The International Monetary Fund (IMF) on Tuesday forecast Pakistan’s economic growth rate at four per cent, and higher than estimated inflation and current account deficit during the ongoing fiscal year.
The growth forecast is generally in line with similar estimates by other development lenders — such as the World Bank’s 4.3pc and Asian Development Bank’s 4pc — and credit rating agencies — Moody’s 3-4pc — but significantly lower than a 4.8pc target set in the budget 2021-22.
In its World Economic Outlook (WEO) 2022, the IMF projected an 11.2pc average rate of inflation for the current year against 8.9pc last year. The Washington-based lending agency also worked out Pakistan’s current account deficit at 5.3pc of GDP (up from just 0.6pc last fiscal year) and 7pc unemployment rate, slightly lower than 7.4pc of last year.
This is in sharp contrast to the targets set by the government for the current year at 4.8pc for GDP growth rate, 8pc rate of inflation and current account deficit at just 0.7pc of GDP.
Going forward, the IMF projected the economic growth rate to recover to 4.2pc of GDP during the next fiscal year (FY23). It said the rate of inflation would come down from 11.2pc this year to 10.5pc next year.

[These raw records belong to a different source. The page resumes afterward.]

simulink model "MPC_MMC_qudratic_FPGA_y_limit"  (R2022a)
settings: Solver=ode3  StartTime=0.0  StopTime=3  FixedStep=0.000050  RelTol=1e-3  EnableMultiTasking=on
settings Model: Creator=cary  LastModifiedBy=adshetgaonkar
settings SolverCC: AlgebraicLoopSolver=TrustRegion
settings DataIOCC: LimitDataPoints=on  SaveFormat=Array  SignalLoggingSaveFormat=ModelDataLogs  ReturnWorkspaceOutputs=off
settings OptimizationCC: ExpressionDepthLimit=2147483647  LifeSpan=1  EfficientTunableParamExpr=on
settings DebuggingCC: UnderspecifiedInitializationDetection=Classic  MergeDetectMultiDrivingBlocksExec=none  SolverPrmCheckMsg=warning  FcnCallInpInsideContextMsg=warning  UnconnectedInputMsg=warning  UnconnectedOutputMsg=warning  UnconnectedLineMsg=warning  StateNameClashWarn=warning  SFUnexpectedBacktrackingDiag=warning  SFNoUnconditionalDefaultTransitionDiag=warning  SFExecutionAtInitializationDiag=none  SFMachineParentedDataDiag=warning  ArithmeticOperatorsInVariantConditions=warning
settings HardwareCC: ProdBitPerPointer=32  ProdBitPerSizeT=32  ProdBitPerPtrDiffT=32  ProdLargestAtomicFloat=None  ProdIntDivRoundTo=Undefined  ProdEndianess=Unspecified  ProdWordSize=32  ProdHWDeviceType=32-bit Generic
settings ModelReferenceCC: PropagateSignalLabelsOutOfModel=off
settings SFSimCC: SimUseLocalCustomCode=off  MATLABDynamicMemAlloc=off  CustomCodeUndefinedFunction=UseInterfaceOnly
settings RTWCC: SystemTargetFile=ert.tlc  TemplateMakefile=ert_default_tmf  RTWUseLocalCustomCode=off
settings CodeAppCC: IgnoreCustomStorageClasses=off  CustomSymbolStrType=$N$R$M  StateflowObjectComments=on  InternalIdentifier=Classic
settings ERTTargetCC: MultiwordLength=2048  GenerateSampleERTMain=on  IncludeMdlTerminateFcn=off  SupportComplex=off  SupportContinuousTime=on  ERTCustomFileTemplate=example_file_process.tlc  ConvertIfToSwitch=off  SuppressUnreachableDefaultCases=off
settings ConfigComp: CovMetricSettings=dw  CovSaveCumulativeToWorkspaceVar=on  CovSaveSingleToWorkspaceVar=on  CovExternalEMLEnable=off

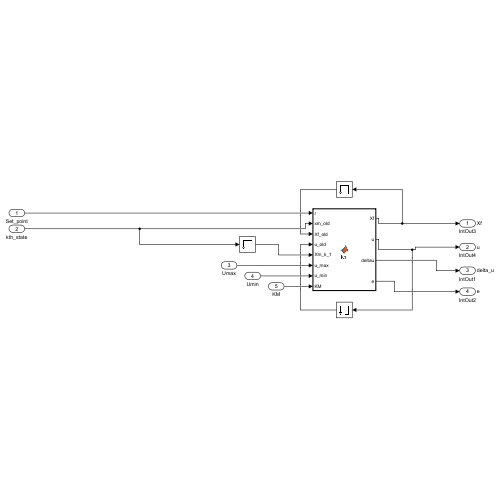
[thumbnail: Simulink's stored preview of the top-level diagram]
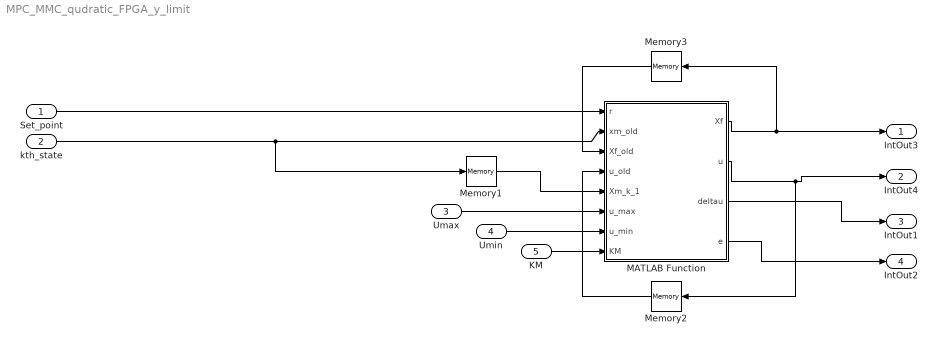
== system MPC_MMC_qudratic_FPGA_y_limit ==
  Set_point : Inport  PortDimensions=5
  kth_state : Inport  Port=2  PortDimensions=5
  Umax : Inport  Port=3  PortDimensions=5
  Umin : Inport  Port=4  PortDimensions=5
  KM : Inport  Port=5  PortDimensions=5
  MATLAB Function : MATLAB Function  TreatAsAtomicUnit=on
  Memory1 : Memory
  Memory2 : Memory
  Memory3 : Memory
  IntOut3 : Outport  SignalName=Xf
  IntOut4 : Outport  Port=2  SignalName=u
  IntOut1 : Outport  Port=3  SignalName=delta_u
  IntOut2 : Outport  Port=4  SignalName=e
  wires:
  Set_point/1 -> MATLAB Function/1(r)
  MATLAB Function/1(Xf) -> Memory3/1, IntOut3/1
  kth_state/1 -> MATLAB Function/2(xm_old), Memory1/1
  MATLAB Function/3(deltau) -> IntOut1/1
  Memory1/1 -> MATLAB Function/5(Xm_k_1)
  Memory3/1 -> MATLAB Function/3(Xf_old)
  Memory2/1 -> MATLAB Function/4(u_old)
  MATLAB Function/2(u) -> IntOut4/1, Memory2/1
  Umax/1 -> MATLAB Function/6(u_max)
  Umin/1 -> MATLAB Function/7(u_min)
  KM/1 -> MATLAB Function/8(KM)
  MATLAB Function/4(e) -> IntOut2/1

== matlab function MPC_MMC_qudratic_FPGA_y_limit/MATLAB Function ==
  data: r input; Xf output; xm_old input; u output; Xf_old input; u_old input; Xm_k_1 input; deltau output; u_max input; u_min input; KM input; e output
function [Xf,u,deltau,e] = fcn(r,xm_old,Xf_old,u_old,Xm_k_1,u_max,u_min,KM)
D = []; 
D= coder.load('initial_qudratic_paper_FPGAv2.mat'); 

xm=D.Ap_ac*xm_old+D.Bp_ac*(u_old+D.up);
y_model=D.Cp_ac*xm;
e = (y_model - xm_old); 

%gamma=[(u_max - u_old);(-u_min + u_old); D.deltau_max; -D.deltau_min;D.yMax - D.C_F*(D.Xf+Xf_old); -D.yMin + D.C_F*(D.Xf+Xf_old)]
gamma=[(u_max - u_old);(-u_min + u_old); D.deltau_max; -D.deltau_min];
eta = QPhild(D.Omega,D.Psi*(D.Xf+Xf_old),D.M,gamma,KM);
%eta= -(D.Omega\D.Psi)*(D.Xf+Xf_old);
deltau= D.Lzerot*eta;
u=D.up+u_old+deltau;
y = xm_old;
y_delta_k=y-Xm_k_1;
Xf=[y_delta_k;y-r];
end

The Fund also estimated the current account deficit to fall to 4.1pc of GDP in FY23.
The WEO said the rate of unemployment in Pakistan was estimated to come in at 7pc this year against 7.4pc last year and go further down to 6.7pc next year.
It projected global growth to slow down from an estimated 6.1pc in 2021 to 3.6pc in 2022 and 2023. This is 0.8 and 0.2 percentage points lower for 2022 and 2023 than its January estimates. Beyond 2023, global growth is forecast to decline to about 3.3pc over the medium term.
The forecast is based on the assumption that the conflict remains confined to Ukraine, further sanctions on Russia exempt the energy sector (although the impact of European countries’ decisions to wean themselves off Russian energy and embargoes announced through March 31, 2022, are factored into the baseline), and the pandemic’s health and economic impacts abate over the course of 2022.
The IMF estimated a subdued 3.3pc growth during 2022 for advanced economies (against 5.2pc last year), including 2.8pc for the eurozone (against 5.3pc last year), 2.4pc in Japan (against 1.6pc of last year) and 3.7pc for the UK (against 7.4pc last year). The growth prospects for emerging market and developing economies were put at 3.8pc, led by 8.2pc in India and 4.4pc in China.
With a few exceptions, employment and output will typically remain below pre-pandemic trends through 2026. Scarring effects are expected to be much larger in emerging markets and developing economies than in advanced economies.
Unusually high uncertainty surrounds this forecast, and downside risks to the global outlook dominate — including from a possible worsening of the war, escalation of sanctions on Russia, a sharper-than-anticipated deceleration in China as a strict zero-Covid strategy is tested by Omicron, and a renewed flare-up of the pandemic should a new, more virulent virus strain emerge.
Moreover, the war in Ukraine has increased the probability of wider social tensions because of higher food and energy prices, which would further weigh on the outlook.
Global inflation is expected to remain elevated for longer than in the previous forecast, driven by war-induced commodity price increases and broadening price pressures.
For 2022, inflation is projected at 5.7pc in advanced economies and 8.7pc in emerging market and developing economies — 1.8 and 2.8 percentage points higher than projected in January.
Although a gradual resolution of supply-demand imbalances and a modest pickup in labour supply are expected in the baseline, easing price inflation eventually, uncertainty again surrounds the forecast.
Conditions could significantly deteriorate. Worsening supply-demand imbalances — including those stemming from the war — and further increases in commodity prices could lead to persistently high inflation, rising inflation expectations, and stronger wage growth.